[[ Listed records, beginning ]]

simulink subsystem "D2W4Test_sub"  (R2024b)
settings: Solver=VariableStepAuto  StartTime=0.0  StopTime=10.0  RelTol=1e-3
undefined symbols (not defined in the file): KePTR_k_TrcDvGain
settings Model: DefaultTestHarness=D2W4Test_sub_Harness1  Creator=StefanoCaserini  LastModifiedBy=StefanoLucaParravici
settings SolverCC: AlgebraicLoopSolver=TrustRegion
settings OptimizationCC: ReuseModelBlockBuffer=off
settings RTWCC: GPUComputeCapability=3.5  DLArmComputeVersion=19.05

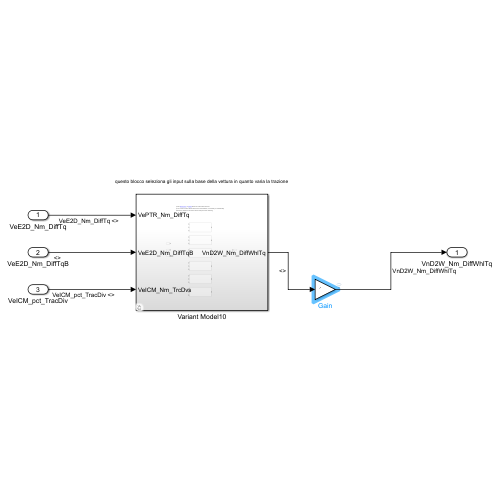
[thumbnail: Simulink's stored preview of the top-level diagram]
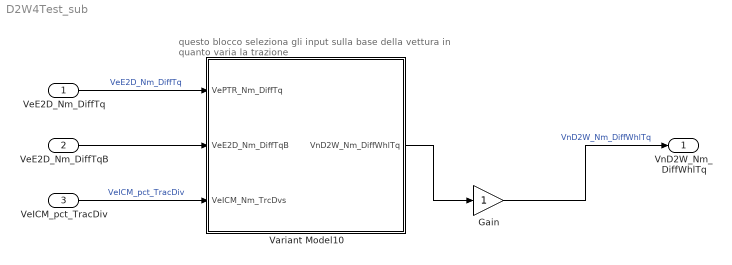
== system D2W4Test_sub ==
  note: questo blocco seleziona gli input sulla base della vettura in quanto varia la trazione
  VeE2D_Nm_DiffTq : Inport
  VeE2D_Nm_DiffTqB : Inport  Port=2
  VeICM_pct_TracDiv : Inport  Port=3
  Gain : Gain  OutDataTypeStr=Inherit: Same as input
  Variant Model10 : Subsystem  Variant=on  AllowZeroVariantControls=on
  VnD2W_Nm_DiffWhlTq : Outport  OutDataTypeStr=single  Unit=N*m  VectorParamsAs1DForOutWhenUnconnected=off
  wires:
  VeICM_pct_TracDiv/1 -> Variant Model10/3(VeICM_Nm_TrcDvs)  "VeICM_pct_TracDiv"
  VeE2D_Nm_DiffTq/1 -> Variant Model10/1(VePTR_Nm_DiffTq)  "VeE2D_Nm_DiffTq"
  Variant Model10/1(VnD2W_Nm_DiffWhlTq) -> Gain/1
  Gain/1 -> VnD2W_Nm_DiffWhlTq/1  "VnD2W_Nm_DiffWhlTq"
  VeE2D_Nm_DiffTqB/1 -> Variant Model10/2(VeE2D_Nm_DiffTqB)

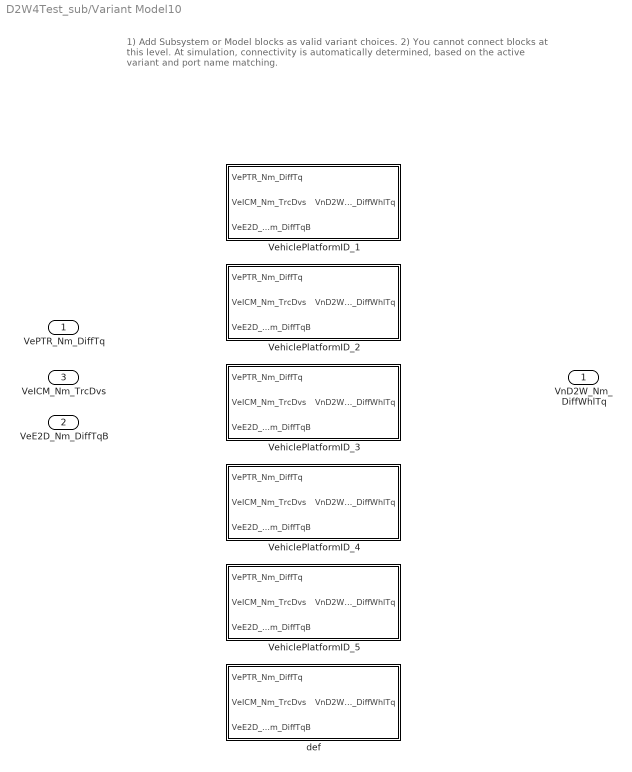
== system D2W4Test_sub/Variant Model10 ==
  note: 1) Add Subsystem or Model blocks as valid variant choices.
      | 2) You cannot connect blocks at this level. At simulation, connectivity is automatically
      | determined, based on the active variant and port name matching.
  VePTR_Nm_DiffTq : Inport
  VeE2D_Nm_DiffTqB : Inport  Port=2
  VeICM_Nm_TrcDvs : Inport  Port=3
  VehiclePlatformID_1 : Subsystem  TreatAsAtomicUnit=on  VariantControl=VehPtfm_ID == 1
  VehiclePlatformID_2 : Subsystem  TreatAsAtomicUnit=on  VariantControl=VehPtfm_ID == 2
  VehiclePlatformID_3 : Subsystem  TreatAsAtomicUnit=on  VariantControl=VehPtfm_ID == 3
  VehiclePlatformID_4 : Subsystem  TreatAsAtomicUnit=on  VariantControl=VehPtfm_ID == 4
  VehiclePlatformID_5 : Subsystem  TreatAsAtomicUnit=on  VariantControl=VehPtfm_ID == 5
  def : Subsystem  TreatAsAtomicUnit=on  VariantControl=(default)
  VnD2W_Nm_DiffWhlTq : Outport

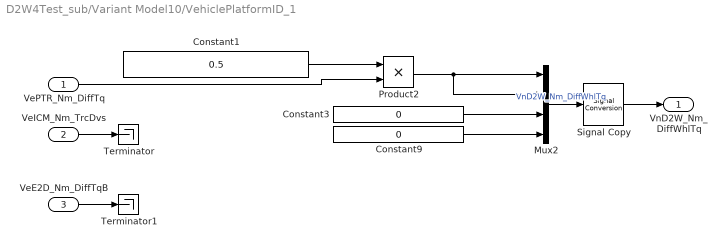
== system D2W4Test_sub/Variant Model10/VehiclePlatformID_1 ==
  VePTR_Nm_DiffTq : Inport
  VeICM_Nm_TrcDvs : Inport  Port=2
  VeE2D_Nm_DiffTqB : Inport  Port=3
  Constant1 : Constant  Value=0.5  OutDataTypeStr=Inherit: Inherit via back propagation  SampleTime=-1
  Constant3 : Constant  Value=0  OutDataTypeStr=Inherit: Inherit via back propagation  SampleTime=-1
  Constant9 : Constant  Value=0  OutDataTypeStr=Inherit: Inherit via back propagation  SampleTime=-1
  Mux2 : Mux
  Product2 : Product
  Signal Copy : SignalConversion  OverrideOpt=off
  Terminator : Terminator
  Terminator1 : Terminator
  VnD2W_Nm_DiffWhlTq : Outport
  wires:
  VeE2D_Nm_DiffTqB/1 -> Terminator1/1
  Product2/1 -> Mux2/2, Mux2/1
  Constant1/1 -> Product2/1
  Constant3/1 -> Mux2/3
  Mux2/1 -> Signal Copy/1  "VnD2W_Nm_DiffWhlTq"
  VePTR_Nm_DiffTq/1 -> Product2/2
  Constant9/1 -> Mux2/4
  VeICM_Nm_TrcDvs/1 -> Terminator/1
  Signal Copy/1 -> VnD2W_Nm_DiffWhlTq/1

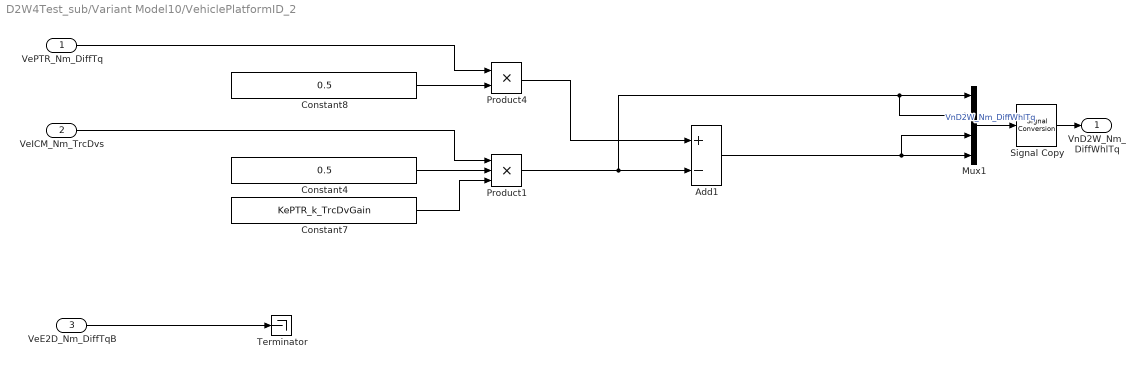
== system D2W4Test_sub/Variant Model10/VehiclePlatformID_2 ==
  VePTR_Nm_DiffTq : Inport
  VeICM_Nm_TrcDvs : Inport  Port=2
  VeE2D_Nm_DiffTqB : Inport  Port=3
  Add1 : Sum  Inputs=+-
  Constant4 : Constant  Value=0.5  OutDataTypeStr=Inherit: Inherit via back propagation  SampleTime=-1
  Constant7 : Constant  Value=KePTR_k_TrcDvGain  OutDataTypeStr=single  SampleTime=-1
  Constant8 : Constant  Value=0.5  OutDataTypeStr=Inherit: Inherit via back propagation  SampleTime=-1
  Mux1 : Mux
  Product1 : Product  Inputs=3
  Product4 : Product
  Signal Copy : SignalConversion  OverrideOpt=off
  Terminator : Terminator
  VnD2W_Nm_DiffWhlTq : Outport
  wires:
  VeE2D_Nm_DiffTqB/1 -> Terminator/1
  VePTR_Nm_DiffTq/1 -> Product4/1
  Add1/1 -> Mux1/3, Mux1/4
  Product4/1 -> Add1/1
  Product1/1 -> Mux1/1, Mux1/2, Add1/2
  Constant8/1 -> Product4/2
  Constant7/1 -> Product1/3
  VeICM_Nm_TrcDvs/1 -> Product1/1
  Constant4/1 -> Product1/2
  Mux1/1 -> Signal Copy/1  "VnD2W_Nm_DiffWhlTq"
  Signal Copy/1 -> VnD2W_Nm_DiffWhlTq/1

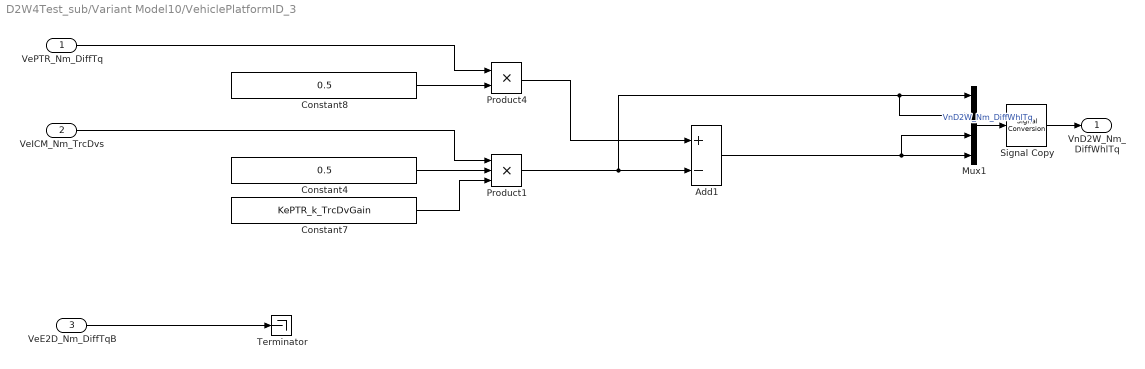
== system D2W4Test_sub/Variant Model10/VehiclePlatformID_3 ==
  VePTR_Nm_DiffTq : Inport
  VeICM_Nm_TrcDvs : Inport  Port=2
  VeE2D_Nm_DiffTqB : Inport  Port=3
  Add1 : Sum  Inputs=+-
  Constant4 : Constant  Value=0.5  OutDataTypeStr=Inherit: Inherit via back propagation  SampleTime=-1
  Constant7 : Constant  Value=KePTR_k_TrcDvGain  OutDataTypeStr=single  SampleTime=-1
  Constant8 : Constant  Value=0.5  OutDataTypeStr=Inherit: Inherit via back propagation  SampleTime=-1
  Mux1 : Mux
  Product1 : Product  Inputs=3
  Product4 : Product
  Signal Copy : SignalConversion  OverrideOpt=off
  Terminator : Terminator
  VnD2W_Nm_DiffWhlTq : Outport
  wires:
  Mux1/1 -> Signal Copy/1  "VnD2W_Nm_DiffWhlTq"
  Constant4/1 -> Product1/2
  VeICM_Nm_TrcDvs/1 -> Product1/1
  Constant7/1 -> Product1/3
  Constant8/1 -> Product4/2
  Product1/1 -> Add1/2, Mux1/2, Mux1/1
  Product4/1 -> Add1/1
  Add1/1 -> Mux1/4, Mux1/3
  VePTR_Nm_DiffTq/1 -> Product4/1
  VeE2D_Nm_DiffTqB/1 -> Terminator/1
  Signal Copy/1 -> VnD2W_Nm_DiffWhlTq/1

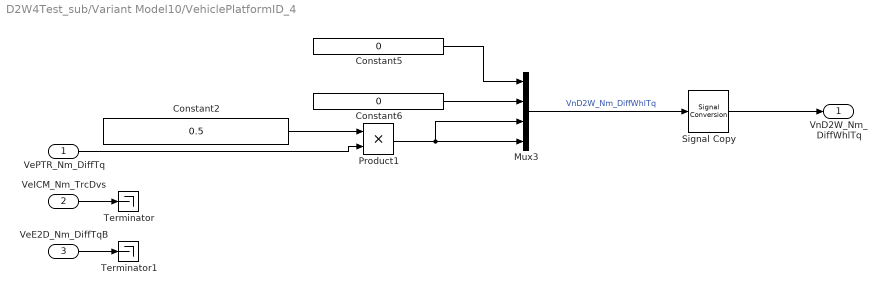
== system D2W4Test_sub/Variant Model10/VehiclePlatformID_4 ==
  VePTR_Nm_DiffTq : Inport
  VeICM_Nm_TrcDvs : Inport  Port=2
  VeE2D_Nm_DiffTqB : Inport  Port=3
  Constant2 : Constant  Value=0.5  OutDataTypeStr=Inherit: Inherit via back propagation  SampleTime=-1
  Constant5 : Constant  Value=0  OutDataTypeStr=Inherit: Inherit via back propagation  SampleTime=-1
  Constant6 : Constant  Value=0  OutDataTypeStr=Inherit: Inherit via back propagation  SampleTime=-1
  Mux3 : Mux
  Product1 : Product
  Signal Copy : SignalConversion  OverrideOpt=off
  Terminator : Terminator
  Terminator1 : Terminator
  VnD2W_Nm_DiffWhlTq : Outport
  wires:
  VeE2D_Nm_DiffTqB/1 -> Terminator1/1
  Product1/1 -> Mux3/3, Mux3/4
  VePTR_Nm_DiffTq/1 -> Product1/2
  Constant2/1 -> Product1/1
  Mux3/1 -> Signal Copy/1  "VnD2W_Nm_DiffWhlTq"
  Constant6/1 -> Mux3/2
  Constant5/1 -> Mux3/1
  VeICM_Nm_TrcDvs/1 -> Terminator/1
  Signal Copy/1 -> VnD2W_Nm_DiffWhlTq/1

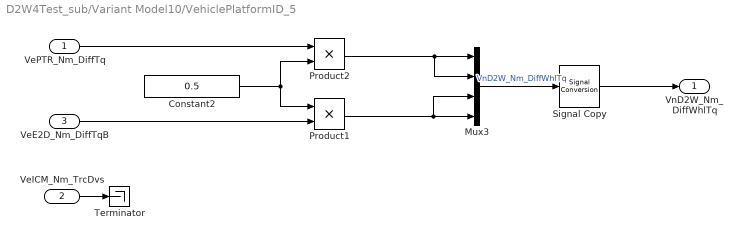
== system D2W4Test_sub/Variant Model10/VehiclePlatformID_5 ==
  VePTR_Nm_DiffTq : Inport
  VeICM_Nm_TrcDvs : Inport  Port=2
  VeE2D_Nm_DiffTqB : Inport  Port=3
  Constant2 : Constant  Value=0.5  OutDataTypeStr=Inherit: Inherit via back propagation  SampleTime=-1
  Mux3 : Mux
  Product1 : Product
  Product2 : Product
  Signal Copy : SignalConversion  OverrideOpt=off
  Terminator : Terminator
  VnD2W_Nm_DiffWhlTq : Outport
  wires:
  Product2/1 -> Mux3/1, Mux3/2
  VePTR_Nm_DiffTq/1 -> Product2/1
  VeICM_Nm_TrcDvs/1 -> Terminator/1
  Product1/1 -> Mux3/4, Mux3/3
  Mux3/1 -> Signal Copy/1  "VnD2W_Nm_DiffWhlTq"
  VeE2D_Nm_DiffTqB/1 -> Product1/2
  Constant2/1 -> Product1/1, Product2/2
  Signal Copy/1 -> VnD2W_Nm_DiffWhlTq/1

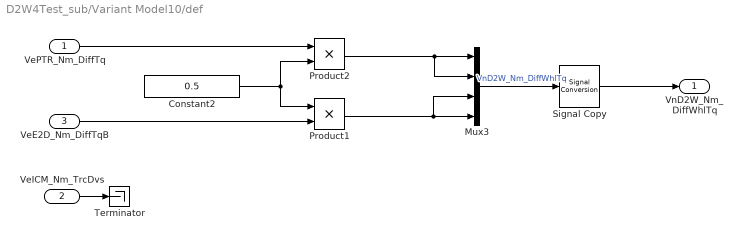
== system D2W4Test_sub/Variant Model10/def ==
  VePTR_Nm_DiffTq : Inport
  VeICM_Nm_TrcDvs : Inport  Port=2
  VeE2D_Nm_DiffTqB : Inport  Port=3
  Constant2 : Constant  Value=0.5  OutDataTypeStr=Inherit: Inherit via back propagation  SampleTime=-1
  Mux3 : Mux
  Product1 : Product
  Product2 : Product
  Signal Copy : SignalConversion  OverrideOpt=off
  Terminator : Terminator
  VnD2W_Nm_DiffWhlTq : Outport
  wires:
  Signal Copy/1 -> VnD2W_Nm_DiffWhlTq/1
  Constant2/1 -> Product2/2, Product1/1
  VeE2D_Nm_DiffTqB/1 -> Product1/2
  Mux3/1 -> Signal Copy/1  "VnD2W_Nm_DiffWhlTq"
  Product1/1 -> Mux3/3, Mux3/4
  VeICM_Nm_TrcDvs/1 -> Terminator/1
  VePTR_Nm_DiffTq/1 -> Product2/1
  Product2/1 -> Mux3/2, Mux3/1

[[ Listed records, end ]]

**To do**
If a line of the records above holds the word "TreatAsAtomicUnit", show it.

**Answer section**
  VehiclePlatformID_1 : Subsystem  TreatAsAtomicUnit=on  VariantControl=VehPtfm_ID == 1
  VehiclePlatformID_2 : Subsystem  TreatAsAtomicUnit=on  VariantControl=VehPtfm_ID == 2
  VehiclePlatformID_3 : Subsystem  TreatAsAtomicUnit=on  VariantControl=VehPtfm_ID == 3
  VehiclePlatformID_4 : Subsystem  TreatAsAtomicUnit=on  VariantControl=VehPtfm_ID == 4
  VehiclePlatformID_5 : Subsystem  TreatAsAtomicUnit=on  VariantControl=VehPtfm_ID == 5
  def : Subsystem  TreatAsAtomicUnit=on  VariantControl=(default)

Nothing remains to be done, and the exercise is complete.